Stored dataset items.
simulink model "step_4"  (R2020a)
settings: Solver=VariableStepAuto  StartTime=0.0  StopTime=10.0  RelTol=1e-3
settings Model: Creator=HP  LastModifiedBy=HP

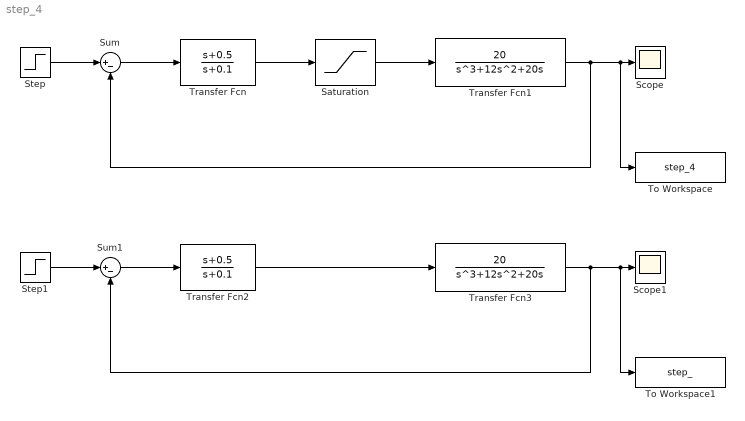
== system step_4 ==
  Saturation : Saturate  UpperLimit=5  LowerLimit=-5
  Scope : Scope
  Scope1 : Scope
  Step : Step  Time=0  After=10  SampleTime=0
  Step1 : Step  Time=0  After=10  SampleTime=0
  Sum : Sum  Inputs=|+-
  Sum1 : Sum  Inputs=|+-
  To Workspace : ToWorkspace  VariableName=step_4  SampleTime=0.001
  To Workspace1 : ToWorkspace  VariableName=step_  SampleTime=0.001
  Transfer Fcn : TransferFcn  Numerator=[1 0.5]  Denominator=[1 0.1]
  Transfer Fcn1 : TransferFcn  Numerator=[20]  Denominator=[1 12 20 0]
  Transfer Fcn2 : TransferFcn  Numerator=[1 0.5]  Denominator=[1 0.1]
  Transfer Fcn3 : TransferFcn  Numerator=[20]  Denominator=[1 12 20 0]
  wires:
  Sum/1 -> Transfer Fcn/1
  Step/1 -> Sum/1
  Transfer Fcn/1 -> Saturation/1
  Saturation/1 -> Transfer Fcn1/1
  Transfer Fcn1/1 -> Sum/2, To Workspace/1, Scope/1
  Transfer Fcn2/1 -> Transfer Fcn3/1
  Sum1/1 -> Transfer Fcn2/1
  Step1/1 -> Sum1/1
  Transfer Fcn3/1 -> Sum1/2, To Workspace1/1, Scope1/1
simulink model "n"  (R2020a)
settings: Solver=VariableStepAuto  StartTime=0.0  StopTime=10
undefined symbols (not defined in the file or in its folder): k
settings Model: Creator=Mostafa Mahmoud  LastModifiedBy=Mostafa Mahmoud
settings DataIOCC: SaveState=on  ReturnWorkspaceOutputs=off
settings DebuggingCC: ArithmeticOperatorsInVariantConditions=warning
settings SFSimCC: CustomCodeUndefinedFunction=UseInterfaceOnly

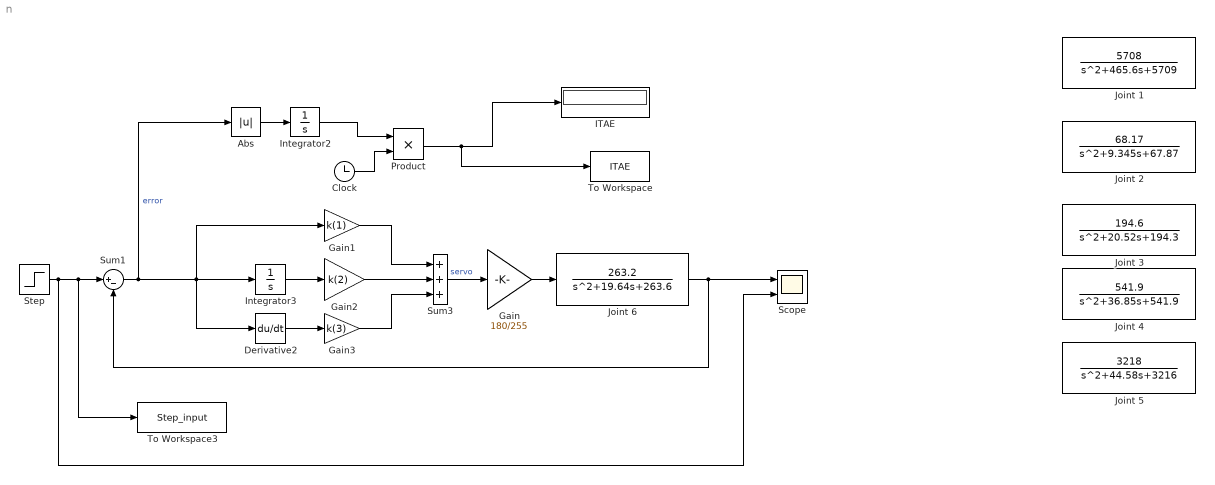
== system n ==
  Abs : Abs
  Clock : Clock
  Derivative2 : Derivative
  Gain : Gain  Gain=180/255
  Gain1 : Gain  Gain=k(1)
  Gain2 : Gain  Gain=k(2)
  Gain3 : Gain  Gain=k(3)
  ITAE : Display
  Integrator2 : Integrator
  Integrator3 : Integrator
  Joint 1 : TransferFcn  Numerator=[5708]  Denominator=[1 465.6 5709]
  Joint 2 : TransferFcn  Numerator=[68.17]  Denominator=[1 9.345 67.87]
  Joint 3 : TransferFcn  Numerator=[194.6]  Denominator=[1 20.52 194.3]
  Joint 4 : TransferFcn  Numerator=[541.9]  Denominator=[1 36.85 541.9]
  Joint 5 : TransferFcn  Numerator=[3218]  Denominator=[1 44.58 3216]
  Joint 6 : TransferFcn  Numerator=[263.2]  Denominator=[1 19.64 263.6]
  Product : Product
  Scope : Scope  NumInputPorts=2
  Step : Step  SampleTime=0
  Sum1 : Sum  Inputs=|+-
  Sum3 : Sum  Inputs=+++
  To Workspace : ToWorkspace  VariableName=ITAE  SampleTime=-1
  To Workspace3 : ToWorkspace  VariableName=Step_input  SampleTime=-1
      settings: Save2DSignal=2-D array (concatenate along first dimension)
  wires:
  Abs/1 -> Integrator2/1
  Integrator2/1 -> Product/1
  Clock/1 -> Product/2
  Product/1 -> To Workspace/1, ITAE/1
  Gain3/1 -> Sum3/3
  Derivative2/1 -> Gain3/1
  Gain2/1 -> Sum3/2
  Integrator3/1 -> Gain2/1
  Gain1/1 -> Sum3/1
  Sum1/1 -> Abs/1, Gain1/1, Derivative2/1, Integrator3/1  "error"
  Sum3/1 -> Gain/1  "servo"
  Step/1 -> Scope/2, To Workspace3/1, Sum1/1
  Gain/1 -> Joint 6/1
  Joint 6/1 -> Scope/1, Sum1/2

About this task.
Only the lines from the beginning of the records through the line bearing "Transfer Fcn2 : TransferFcn" belong in the answer, copied word for word with pictures left out.

Task output.
simulink model "step_4"  (R2020a)
settings: Solver=VariableStepAuto  StartTime=0.0  StopTime=10.0  RelTol=1e-3
settings Model: Creator=HP  LastModifiedBy=HP

== system step_4 ==
  Saturation : Saturate  UpperLimit=5  LowerLimit=-5
  Scope : Scope
  Scope1 : Scope
  Step : Step  Time=0  After=10  SampleTime=0
  Step1 : Step  Time=0  After=10  SampleTime=0
  Sum : Sum  Inputs=|+-
  Sum1 : Sum  Inputs=|+-
  To Workspace : ToWorkspace  VariableName=step_4  SampleTime=0.001
  To Workspace1 : ToWorkspace  VariableName=step_  SampleTime=0.001
  Transfer Fcn : TransferFcn  Numerator=[1 0.5]  Denominator=[1 0.1]
  Transfer Fcn1 : TransferFcn  Numerator=[20]  Denominator=[1 12 20 0]
  Transfer Fcn2 : TransferFcn  Numerator=[1 0.5]  Denominator=[1 0.1]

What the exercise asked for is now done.